South Africa’s transport and logistics industry is facing a challenging period of ideologically and politically induced “frictions” and obstacles to efficiency and the achievement of competitive global standards. We urgently need to decide what future we want, and how to get there, writes Nick PORÉE.

The continual dilution of competence in the management of state-owned enterprises (SOEs) has now caused them to fail the country, to the detriment of all. Unemployment is the worst in the world and will increase further as industry and agriculture are strangled by the efforts of the government to extract sufficient revenue to reward its employees and supporters.

The SOEs are now also suffering from the application of enforced BEE, which has been used to support cadre deployment. The ideology fails to recognise that commercial activities require skills and capital to survive. When skills deficiency is coupled with capital deprivation to fund the demands of the workers, the results are evident, and the end is predictable. It is unfortunate that accountants, who are inevitably historians, do not always see the connection between yesterday’s management decisions and the numbers on paper, and that manipulating the numbers does not change the realities.

In the field of transport, we now have railways and ports reduced to inefficiency by myopic policy and management indecisions. Deliberate reduction of skilled technical and managerial employees has been accompanied by increasing wages, executive malfeasance, and deferred maintenance and upgrading of the means of production. Strategic planning has been focused on spurious objectives unsupported by commercial logic or interrogation of cost-effectiveness.

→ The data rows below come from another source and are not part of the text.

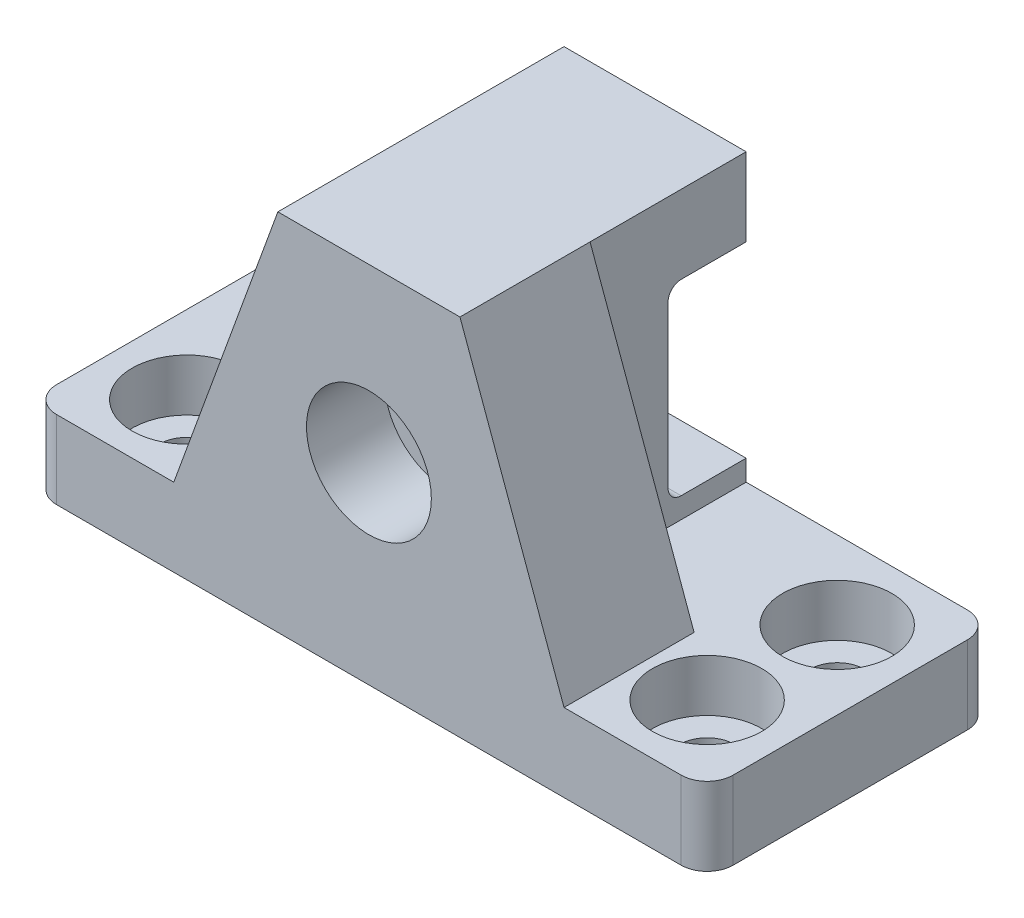
ISO-10303-21;
HEADER;
FILE_DESCRIPTION(('STEP AP214'),'2;1');
FILE_NAME('part.step','',(''),(''),'','','');
FILE_SCHEMA(('AUTOMOTIVE_DESIGN { 1 0 10303 214 1 1 1 1 }'));
ENDSEC;
DATA;
#1=APPLICATION_CONTEXT('core data for automotive mechanical design processes');
#2=APPLICATION_PROTOCOL_DEFINITION('international standard','automotive_design',2000,#1);
#3=PRODUCT_CONTEXT('',#1,'mechanical');
#4=PRODUCT('Part','Part','',(#3));
#5=PRODUCT_RELATED_PRODUCT_CATEGORY('part','',(#4));
#6=PRODUCT_DEFINITION_FORMATION('','',#4);
#7=PRODUCT_DEFINITION_CONTEXT('part definition',#1,'design');
#8=PRODUCT_DEFINITION('design','',#6,#7);
#9=PRODUCT_DEFINITION_SHAPE('','',#8);
#10=(LENGTH_UNIT() NAMED_UNIT(*) SI_UNIT(.MILLI.,.METRE.));
#11=(NAMED_UNIT(*) PLANE_ANGLE_UNIT() SI_UNIT($,.RADIAN.));
#12=(NAMED_UNIT(*) SI_UNIT($,.STERADIAN.) SOLID_ANGLE_UNIT());
#13=UNCERTAINTY_MEASURE_WITH_UNIT(LENGTH_MEASURE(1.E-05),#10,'distance_accuracy_value','');
#14=(GEOMETRIC_REPRESENTATION_CONTEXT(3) GLOBAL_UNCERTAINTY_ASSIGNED_CONTEXT((#13)) GLOBAL_UNIT_ASSIGNED_CONTEXT((#10,
#11,#12)) REPRESENTATION_CONTEXT('',''));
#15=CARTESIAN_POINT('',(0.,0.,0.));
#16=DIRECTION('',(0.,0.,1.));
#17=DIRECTION('',(1.,0.,0.));
#18=AXIS2_PLACEMENT_3D('',#15,#16,#17);
#19=CARTESIAN_POINT('',(-3.5,0.,21.1524758424985));
#20=DIRECTION('',(-1.,0.,0.));
#21=DIRECTION('',(0.,-1.,0.));
#22=AXIS2_PLACEMENT_3D('',#19,#20,#21);
#23=PLANE('',#22);
#24=DIRECTION('',(0.,0.,-1.));
#25=VECTOR('',#24,1.);
#26=CARTESIAN_POINT('',(-3.5,3.,0.));
#27=LINE('',#26,#25);
#28=CARTESIAN_POINT('',(-3.5,3.,0.5));
#29=VERTEX_POINT('',#28);
#30=CARTESIAN_POINT('',(-3.5,3.,-5.5));
#31=VERTEX_POINT('',#30);
#32=EDGE_CURVE('E194',#29,#31,#27,.T.);
#33=ORIENTED_EDGE('',*,*,#32,.F.);
#34=DIRECTION('',(0.,1.,0.));
#35=VECTOR('',#34,1.);
#36=CARTESIAN_POINT('',(-3.5,3.00000000000001,0.5));
#37=LINE('',#36,#35);
#38=CARTESIAN_POINT('',(-3.5,14.,0.5));
#39=VERTEX_POINT('',#38);
#40=EDGE_CURVE('E192',#29,#39,#37,.T.);
#41=ORIENTED_EDGE('',*,*,#40,.T.);
#42=DIRECTION('',(0.,0.,-1.));
#43=VECTOR('',#42,1.);
#44=CARTESIAN_POINT('',(-3.5,14.,21.1524758424985));
#45=LINE('',#44,#43);
#46=CARTESIAN_POINT('',(-3.5,14.,-5.5));
#47=VERTEX_POINT('',#46);
#48=EDGE_CURVE('E177',#39,#47,#45,.T.);
#49=ORIENTED_EDGE('',*,*,#48,.T.);
#50=DIRECTION('',(0.,1.,0.));
#51=VECTOR('',#50,1.);
#52=CARTESIAN_POINT('',(-3.5,0.,-5.5));
#53=LINE('',#52,#51);
#54=CARTESIAN_POINT('',(-3.5,11.,-5.5));
#55=VERTEX_POINT('',#54);
#56=EDGE_CURVE('E257',#55,#47,#53,.T.);
#57=ORIENTED_EDGE('',*,*,#56,.F.);
#58=DIRECTION('',(0.,0.,-1.));
#59=VECTOR('',#58,1.);
#60=CARTESIAN_POINT('',(-3.5,11.,21.1524758424985));
#61=LINE('',#60,#59);
#62=CARTESIAN_POINT('',(-3.5,11.,-3.));
#63=VERTEX_POINT('',#62);
#64=EDGE_CURVE('E320',#63,#55,#61,.T.);
#65=ORIENTED_EDGE('',*,*,#64,.F.);
#66=CARTESIAN_POINT('',(-3.5,10.5,-3.));
#67=DIRECTION('',(-1.,0.,0.));
#68=DIRECTION('',(0.,-1.,0.));
#69=AXIS2_PLACEMENT_3D('',#66,#67,#68);
#70=CIRCLE('',#69,0.5);
#71=CARTESIAN_POINT('',(-3.5,10.5,-2.5));
#72=VERTEX_POINT('',#71);
#73=EDGE_CURVE('E365',#63,#72,#70,.F.);
#74=ORIENTED_EDGE('',*,*,#73,.T.);
#75=DIRECTION('',(0.,1.,0.));
#76=VECTOR('',#75,1.);
#77=CARTESIAN_POINT('',(-3.5,0.,-2.5));
#78=LINE('',#77,#76);
#79=CARTESIAN_POINT('',(-3.5,4.3,-2.5));
#80=VERTEX_POINT('',#79);
#81=EDGE_CURVE('E341',#80,#72,#78,.T.);
#82=ORIENTED_EDGE('',*,*,#81,.F.);
#83=CARTESIAN_POINT('',(-3.5,4.3,-3.));
#84=DIRECTION('',(-1.,0.,0.));
#85=DIRECTION('',(0.,-1.,0.));
#86=AXIS2_PLACEMENT_3D('',#83,#84,#85);
#87=CIRCLE('',#86,0.5);
#88=CARTESIAN_POINT('',(-3.5,3.8,-3.));
#89=VERTEX_POINT('',#88);
#90=EDGE_CURVE('E361',#80,#89,#87,.F.);
#91=ORIENTED_EDGE('',*,*,#90,.T.);
#92=DIRECTION('',(0.,0.,1.));
#93=VECTOR('',#92,1.);
#94=CARTESIAN_POINT('',(-3.5,3.79999999999999,21.1524758424985));
#95=LINE('',#94,#93);
#96=CARTESIAN_POINT('',(-3.5,3.8,-5.5));
#97=VERTEX_POINT('',#96);
#98=EDGE_CURVE('E344',#97,#89,#95,.T.);
#99=ORIENTED_EDGE('',*,*,#98,.F.);
#100=EDGE_CURVE('E258',#31,#97,#53,.T.);
#101=ORIENTED_EDGE('',*,*,#100,.F.);
#102=EDGE_LOOP('',(#33,#41,#49,#57,#65,#74,#82,#91,#99,#101));
#103=FACE_BOUND('',#102,.T.);
#104=ADVANCED_FACE('F37',(#103),#23,.T.);
#105=CARTESIAN_POINT('',(0.,7.4,5.5));
#106=DIRECTION('',(0.,0.,-1.));
#107=DIRECTION('',(0.,1.,0.));
#108=AXIS2_PLACEMENT_3D('',#105,#106,#107);
#109=CYLINDRICAL_SURFACE('',#108,1.35);
#110=CARTESIAN_POINT('',(0.,7.4,-2.5));
#111=DIRECTION('',(0.,0.,-1.));
#112=DIRECTION('',(0.,1.,0.));
#113=AXIS2_PLACEMENT_3D('',#110,#111,#112);
#114=CIRCLE('',#113,1.35);
#115=CARTESIAN_POINT('',(0.,8.75,-2.5));
#116=VERTEX_POINT('',#115);
#117=EDGE_CURVE('E234',#116,#116,#114,.T.);
#118=ORIENTED_EDGE('',*,*,#117,.T.);
#119=EDGE_LOOP('',(#118));
#120=FACE_BOUND('',#119,.T.);
#121=CARTESIAN_POINT('',(0.,7.4,2.5));
#122=DIRECTION('',(0.,0.,1.));
#123=DIRECTION('',(0.,-1.,0.));
#124=AXIS2_PLACEMENT_3D('',#121,#122,#123);
#125=CIRCLE('',#124,1.35);
#126=CARTESIAN_POINT('',(0.,6.05,2.5));
#127=VERTEX_POINT('',#126);
#128=EDGE_CURVE('E233',#127,#127,#125,.F.);
#129=ORIENTED_EDGE('',*,*,#128,.F.);
#130=EDGE_LOOP('',(#129));
#131=FACE_BOUND('',#130,.T.);
#132=ADVANCED_FACE('F497',(#120,#131),#109,.F.);
#133=CARTESIAN_POINT('',(-13.,3.,-5.5));
#134=DIRECTION('',(0.,0.,1.));
#135=DIRECTION('',(1.,0.,0.));
#136=AXIS2_PLACEMENT_3D('',#133,#134,#135);
#137=PLANE('',#136);
#138=DIRECTION('',(-1.,0.,0.));
#139=VECTOR('',#138,1.);
#140=CARTESIAN_POINT('',(-13.,0.,-5.5));
#141=LINE('',#140,#139);
#142=CARTESIAN_POINT('',(12.,0.,-5.5));
#143=VERTEX_POINT('',#142);
#144=CARTESIAN_POINT('',(-12.,0.,-5.5));
#145=VERTEX_POINT('',#144);
#146=EDGE_CURVE('E323',#143,#145,#141,.T.);
#147=ORIENTED_EDGE('',*,*,#146,.T.);
#148=DIRECTION('',(0.,-1.,0.));
#149=VECTOR('',#148,1.);
#150=CARTESIAN_POINT('',(-12.,3.,-5.5));
#151=LINE('',#150,#149);
#152=CARTESIAN_POINT('',(-12.,3.,-5.5));
#153=VERTEX_POINT('',#152);
#154=EDGE_CURVE('E383',#145,#153,#151,.F.);
#155=ORIENTED_EDGE('',*,*,#154,.T.);
#156=DIRECTION('',(-1.,0.,0.));
#157=VECTOR('',#156,1.);
#158=CARTESIAN_POINT('',(-13.,3.,-5.5));
#159=LINE('',#158,#157);
#160=EDGE_CURVE('E311',#31,#153,#159,.T.);
#161=ORIENTED_EDGE('',*,*,#160,.F.);
#162=ORIENTED_EDGE('',*,*,#100,.T.);
#163=DIRECTION('',(1.,0.,0.));
#164=VECTOR('',#163,1.);
#165=CARTESIAN_POINT('',(-13.,3.8,-5.5));
#166=LINE('',#165,#164);
#167=CARTESIAN_POINT('',(3.5,3.8,-5.5));
#168=VERTEX_POINT('',#167);
#169=EDGE_CURVE('E246',#97,#168,#166,.T.);
#170=ORIENTED_EDGE('',*,*,#169,.T.);
#171=DIRECTION('',(0.,-1.,0.));
#172=VECTOR('',#171,1.);
#173=CARTESIAN_POINT('',(3.5,0.,-5.5));
#174=LINE('',#173,#172);
#175=CARTESIAN_POINT('',(3.49999999999999,3.,-5.5));
#176=VERTEX_POINT('',#175);
#177=EDGE_CURVE('E249',#168,#176,#174,.T.);
#178=ORIENTED_EDGE('',*,*,#177,.T.);
#179=CARTESIAN_POINT('',(12.,3.,-5.5));
#180=VERTEX_POINT('',#179);
#181=EDGE_CURVE('E313',#180,#176,#159,.T.);
#182=ORIENTED_EDGE('',*,*,#181,.F.);
#183=DIRECTION('',(0.,-1.,0.));
#184=VECTOR('',#183,1.);
#185=CARTESIAN_POINT('',(12.,3.,-5.5));
#186=LINE('',#185,#184);
#187=EDGE_CURVE('E380',#180,#143,#186,.T.);
#188=ORIENTED_EDGE('',*,*,#187,.T.);
#189=EDGE_LOOP('',(#147,#155,#161,#162,#170,#178,#182,#188));
#190=FACE_BOUND('',#189,.T.);
#191=ADVANCED_FACE('F435',(#190),#137,.F.);
#192=CARTESIAN_POINT('',(0.,3.,0.));
#193=DIRECTION('',(0.,-1.,0.));
#194=DIRECTION('',(0.,0.,-1.));
#195=AXIS2_PLACEMENT_3D('',#192,#193,#194);
#196=PLANE('',#195);
#197=CARTESIAN_POINT('',(10.,3.,2.5));
#198=DIRECTION('',(0.,1.,0.));
#199=DIRECTION('',(0.,0.,1.));
#200=AXIS2_PLACEMENT_3D('',#197,#198,#199);
#201=CIRCLE('',#200,2.1);
#202=CARTESIAN_POINT('',(10.,3.,4.6));
#203=VERTEX_POINT('',#202);
#204=EDGE_CURVE('E268',#203,#203,#201,.T.);
#205=ORIENTED_EDGE('',*,*,#204,.F.);
#206=EDGE_LOOP('',(#205));
#207=FACE_BOUND('',#206,.T.);
#208=CARTESIAN_POINT('',(10.,3.,-2.5));
#209=DIRECTION('',(0.,1.,0.));
#210=DIRECTION('',(0.,0.,1.));
#211=AXIS2_PLACEMENT_3D('',#208,#209,#210);
#212=CIRCLE('',#211,2.1);
#213=CARTESIAN_POINT('',(10.,3.,-0.399999999999999));
#214=VERTEX_POINT('',#213);
#215=EDGE_CURVE('E279',#214,#214,#212,.T.);
#216=ORIENTED_EDGE('',*,*,#215,.F.);
#217=EDGE_LOOP('',(#216));
#218=FACE_BOUND('',#217,.T.);
#219=DIRECTION('',(1.,0.,0.));
#220=VECTOR('',#219,1.);
#221=CARTESIAN_POINT('',(7.5,3.,0.5));
#222=LINE('',#221,#220);
#223=CARTESIAN_POINT('',(3.5,3.,0.5));
#224=VERTEX_POINT('',#223);
#225=CARTESIAN_POINT('',(7.5,3.,0.5));
#226=VERTEX_POINT('',#225);
#227=EDGE_CURVE('E213',#224,#226,#222,.T.);
#228=ORIENTED_EDGE('',*,*,#227,.T.);
#229=DIRECTION('',(0.,0.,1.));
#230=VECTOR('',#229,1.);
#231=CARTESIAN_POINT('',(7.5,3.,0.5));
#232=LINE('',#231,#230);
#233=CARTESIAN_POINT('',(7.5,3.,5.5));
#234=VERTEX_POINT('',#233);
#235=EDGE_CURVE('E222',#226,#234,#232,.T.);
#236=ORIENTED_EDGE('',*,*,#235,.T.);
#237=DIRECTION('',(1.,0.,0.));
#238=VECTOR('',#237,1.);
#239=CARTESIAN_POINT('',(-13.,3.,5.5));
#240=LINE('',#239,#238);
#241=CARTESIAN_POINT('',(12.,3.,5.5));
#242=VERTEX_POINT('',#241);
#243=EDGE_CURVE('E318',#234,#242,#240,.T.);
#244=ORIENTED_EDGE('',*,*,#243,.T.);
#245=CARTESIAN_POINT('',(12.,3.,4.5));
#246=DIRECTION('',(0.,-1.,0.));
#247=DIRECTION('',(0.,0.,-1.));
#248=AXIS2_PLACEMENT_3D('',#245,#246,#247);
#249=CIRCLE('',#248,1.);
#250=CARTESIAN_POINT('',(13.,3.,4.5));
#251=VERTEX_POINT('',#250);
#252=EDGE_CURVE('E45',#242,#251,#249,.F.);
#253=ORIENTED_EDGE('',*,*,#252,.T.);
#254=DIRECTION('',(0.,0.,-1.));
#255=VECTOR('',#254,1.);
#256=CARTESIAN_POINT('',(13.,3.,5.5));
#257=LINE('',#256,#255);
#258=CARTESIAN_POINT('',(13.,3.,-4.5));
#259=VERTEX_POINT('',#258);
#260=EDGE_CURVE('E308',#251,#259,#257,.T.);
#261=ORIENTED_EDGE('',*,*,#260,.T.);
#262=CARTESIAN_POINT('',(12.,3.,-4.5));
#263=DIRECTION('',(0.,-1.,0.));
#264=DIRECTION('',(0.,0.,-1.));
#265=AXIS2_PLACEMENT_3D('',#262,#263,#264);
#266=CIRCLE('',#265,1.);
#267=EDGE_CURVE('E12',#259,#180,#266,.F.);
#268=ORIENTED_EDGE('',*,*,#267,.T.);
#269=ORIENTED_EDGE('',*,*,#181,.T.);
#270=DIRECTION('',(0.,0.,1.));
#271=VECTOR('',#270,1.);
#272=CARTESIAN_POINT('',(3.5,3.,0.));
#273=LINE('',#272,#271);
#274=EDGE_CURVE('E265',#176,#224,#273,.T.);
#275=ORIENTED_EDGE('',*,*,#274,.T.);
#276=EDGE_LOOP('',(#228,#236,#244,#253,#261,#268,#269,#275));
#277=FACE_BOUND('',#276,.T.);
#278=ADVANCED_FACE('F402',(#207,#218,#277),#196,.F.);
#279=CARTESIAN_POINT('',(-10.,3.,2.5));
#280=DIRECTION('',(0.,-1.,0.));
#281=DIRECTION('',(0.,0.,-1.));
#282=AXIS2_PLACEMENT_3D('',#279,#280,#281);
#283=CYLINDRICAL_SURFACE('',#282,1.05);
#284=CARTESIAN_POINT('',(-10.,0.,2.5));
#285=DIRECTION('',(0.,1.,0.));
#286=DIRECTION('',(0.,0.,1.));
#287=AXIS2_PLACEMENT_3D('',#284,#285,#286);
#288=CIRCLE('',#287,1.05);
#289=CARTESIAN_POINT('',(-10.,0.,3.55));
#290=VERTEX_POINT('',#289);
#291=EDGE_CURVE('E301',#290,#290,#288,.T.);
#292=ORIENTED_EDGE('',*,*,#291,.F.);
#293=EDGE_LOOP('',(#292));
#294=FACE_BOUND('',#293,.T.);
#295=CARTESIAN_POINT('',(-10.,1.,2.5));
#296=DIRECTION('',(0.,1.,0.));
#297=DIRECTION('',(0.,0.,1.));
#298=AXIS2_PLACEMENT_3D('',#295,#296,#297);
#299=CIRCLE('',#298,1.05);
#300=CARTESIAN_POINT('',(-10.,1.,3.55));
#301=VERTEX_POINT('',#300);
#302=EDGE_CURVE('E294',#301,#301,#299,.T.);
#303=ORIENTED_EDGE('',*,*,#302,.T.);
#304=EDGE_LOOP('',(#303));
#305=FACE_BOUND('',#304,.T.);
#306=ADVANCED_FACE('F494',(#294,#305),#283,.F.);
#307=CARTESIAN_POINT('',(10.,3.,-2.5));
#308=DIRECTION('',(0.,-1.,0.));
#309=DIRECTION('',(0.,0.,-1.));
#310=AXIS2_PLACEMENT_3D('',#307,#308,#309);
#311=CYLINDRICAL_SURFACE('',#310,1.05);
#312=CARTESIAN_POINT('',(10.,0.,-2.5));
#313=DIRECTION('',(0.,1.,0.));
#314=DIRECTION('',(0.,0.,1.));
#315=AXIS2_PLACEMENT_3D('',#312,#313,#314);
#316=CIRCLE('',#315,1.05);
#317=CARTESIAN_POINT('',(10.,0.,-1.45));
#318=VERTEX_POINT('',#317);
#319=EDGE_CURVE('E298',#318,#318,#316,.T.);
#320=ORIENTED_EDGE('',*,*,#319,.F.);
#321=EDGE_LOOP('',(#320));
#322=FACE_BOUND('',#321,.T.);
#323=CARTESIAN_POINT('',(10.,1.,-2.5));
#324=DIRECTION('',(0.,1.,0.));
#325=DIRECTION('',(0.,0.,1.));
#326=AXIS2_PLACEMENT_3D('',#323,#324,#325);
#327=CIRCLE('',#326,1.05);
#328=CARTESIAN_POINT('',(10.,1.,-1.45));
#329=VERTEX_POINT('',#328);
#330=EDGE_CURVE('E335',#329,#329,#327,.T.);
#331=ORIENTED_EDGE('',*,*,#330,.T.);
#332=EDGE_LOOP('',(#331));
#333=FACE_BOUND('',#332,.T.);
#334=ADVANCED_FACE('F543',(#322,#333),#311,.F.);
#335=CARTESIAN_POINT('',(10.,3.,2.5));
#336=DIRECTION('',(0.,-1.,0.));
#337=DIRECTION('',(0.,0.,-1.));
#338=AXIS2_PLACEMENT_3D('',#335,#336,#337);
#339=CYLINDRICAL_SURFACE('',#338,1.05);
#340=CARTESIAN_POINT('',(10.,0.,2.5));
#341=DIRECTION('',(0.,1.,0.));
#342=DIRECTION('',(0.,0.,1.));
#343=AXIS2_PLACEMENT_3D('',#340,#341,#342);
#344=CIRCLE('',#343,1.05);
#345=CARTESIAN_POINT('',(10.,0.,3.55));
#346=VERTEX_POINT('',#345);
#347=EDGE_CURVE('E295',#346,#346,#344,.T.);
#348=ORIENTED_EDGE('',*,*,#347,.F.);
#349=EDGE_LOOP('',(#348));
#350=FACE_BOUND('',#349,.T.);
#351=CARTESIAN_POINT('',(10.,1.,2.5));
#352=DIRECTION('',(0.,1.,0.));
#353=DIRECTION('',(0.,0.,1.));
#354=AXIS2_PLACEMENT_3D('',#351,#352,#353);
#355=CIRCLE('',#354,1.05);
#356=CARTESIAN_POINT('',(10.,1.,3.55));
#357=VERTEX_POINT('',#356);
#358=EDGE_CURVE('E272',#357,#357,#355,.T.);
#359=ORIENTED_EDGE('',*,*,#358,.T.);
#360=EDGE_LOOP('',(#359));
#361=FACE_BOUND('',#360,.T.);
#362=ADVANCED_FACE('F488',(#350,#361),#339,.F.);
#363=CARTESIAN_POINT('',(-10.,3.,-2.5));
#364=DIRECTION('',(0.,-1.,0.));
#365=DIRECTION('',(0.,0.,-1.));
#366=AXIS2_PLACEMENT_3D('',#363,#364,#365);
#367=CYLINDRICAL_SURFACE('',#366,1.05);
#368=CARTESIAN_POINT('',(-10.,0.,-2.5));
#369=DIRECTION('',(0.,1.,0.));
#370=DIRECTION('',(0.,0.,1.));
#371=AXIS2_PLACEMENT_3D('',#368,#369,#370);
#372=CIRCLE('',#371,1.05);
#373=CARTESIAN_POINT('',(-10.,0.,-1.45));
#374=VERTEX_POINT('',#373);
#375=EDGE_CURVE('E304',#374,#374,#372,.T.);
#376=ORIENTED_EDGE('',*,*,#375,.F.);
#377=EDGE_LOOP('',(#376));
#378=FACE_BOUND('',#377,.T.);
#379=CARTESIAN_POINT('',(-10.,1.,-2.5));
#380=DIRECTION('',(0.,1.,0.));
#381=DIRECTION('',(0.,0.,1.));
#382=AXIS2_PLACEMENT_3D('',#379,#380,#381);
#383=CIRCLE('',#382,1.05);
#384=CARTESIAN_POINT('',(-10.,1.,-1.45));
#385=VERTEX_POINT('',#384);
#386=EDGE_CURVE('E290',#385,#385,#383,.T.);
#387=ORIENTED_EDGE('',*,*,#386,.T.);
#388=EDGE_LOOP('',(#387));
#389=FACE_BOUND('',#388,.T.);
#390=ADVANCED_FACE('F480',(#378,#389),#367,.F.);
#391=CARTESIAN_POINT('',(-10.,3.,2.5));
#392=DIRECTION('',(0.,1.,0.));
#393=DIRECTION('',(0.,0.,1.));
#394=AXIS2_PLACEMENT_3D('',#391,#392,#393);
#395=CIRCLE('',#394,2.1);
#396=CARTESIAN_POINT('',(-10.,3.,4.6));
#397=VERTEX_POINT('',#396);
#398=EDGE_CURVE('E273',#397,#397,#395,.T.);
#399=ORIENTED_EDGE('',*,*,#398,.F.);
#400=EDGE_LOOP('',(#399));
#401=FACE_BOUND('',#400,.T.);
#402=CARTESIAN_POINT('',(-10.,3.,-2.5));
#403=DIRECTION('',(0.,1.,0.));
#404=DIRECTION('',(0.,0.,1.));
#405=AXIS2_PLACEMENT_3D('',#402,#403,#404);
#406=CIRCLE('',#405,2.1);
#407=CARTESIAN_POINT('',(-10.,3.,-0.399999999999999));
#408=VERTEX_POINT('',#407);
#409=EDGE_CURVE('E291',#408,#408,#406,.T.);
#410=ORIENTED_EDGE('',*,*,#409,.F.);
#411=EDGE_LOOP('',(#410));
#412=FACE_BOUND('',#411,.T.);
#413=CARTESIAN_POINT('',(-12.,3.,5.5));
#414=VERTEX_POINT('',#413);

We build four billion-rand bridges in the Eastern Cape but do nothing about the 20-year chaos in the port of Durban. The plundering of contracts has now landed the SOEs with massive debts, which will have to be recovered from taxpayers. We now see the SOEs attempting to attract gullible investors to put money into their derelict systems, without letting go of the nationalisation agenda. Union pressures are focused on governmental control of the reduced market for labour when, in fact, the nationalisation agenda is limiting the expansion of industry and employment. The railways and ports must grow to serve the country, not be throttled even further by the limitations of SOC management and government planning.

Strategic planning by government follows the archaic Marxist logic of “worker revolution” and achieving “equality” by the suppression of capitalism. When the communist revolution happened in Russia in 1917, Vladimir Lenin, the first leader of the new Soviet Union, concentrated all power in the Communist Party.

After Lenin, Joseph Stalin used violence and starvation to expropriate private ownership of agricultural land and industry, causing the deaths of millions of peasant workers. The Communist Party became a privileged ruling class, relying on force to stay in control for the next 100 years. The problem with the system is that the Party absorbs the wealth, and the peasants get peanuts.

In South Africa, the peanuts are called “social grants” – paid to 18 million people without any opportunity to earn a living, and unemployed due to reduced capitalist economic activity. The grants, unfortunately, merely increase dependence on government and reduce the private productive land use initiatives that are evident in neighbouring countries. The “social revolution” provides cover for those profiting from government, social disturbances, and criminal activity.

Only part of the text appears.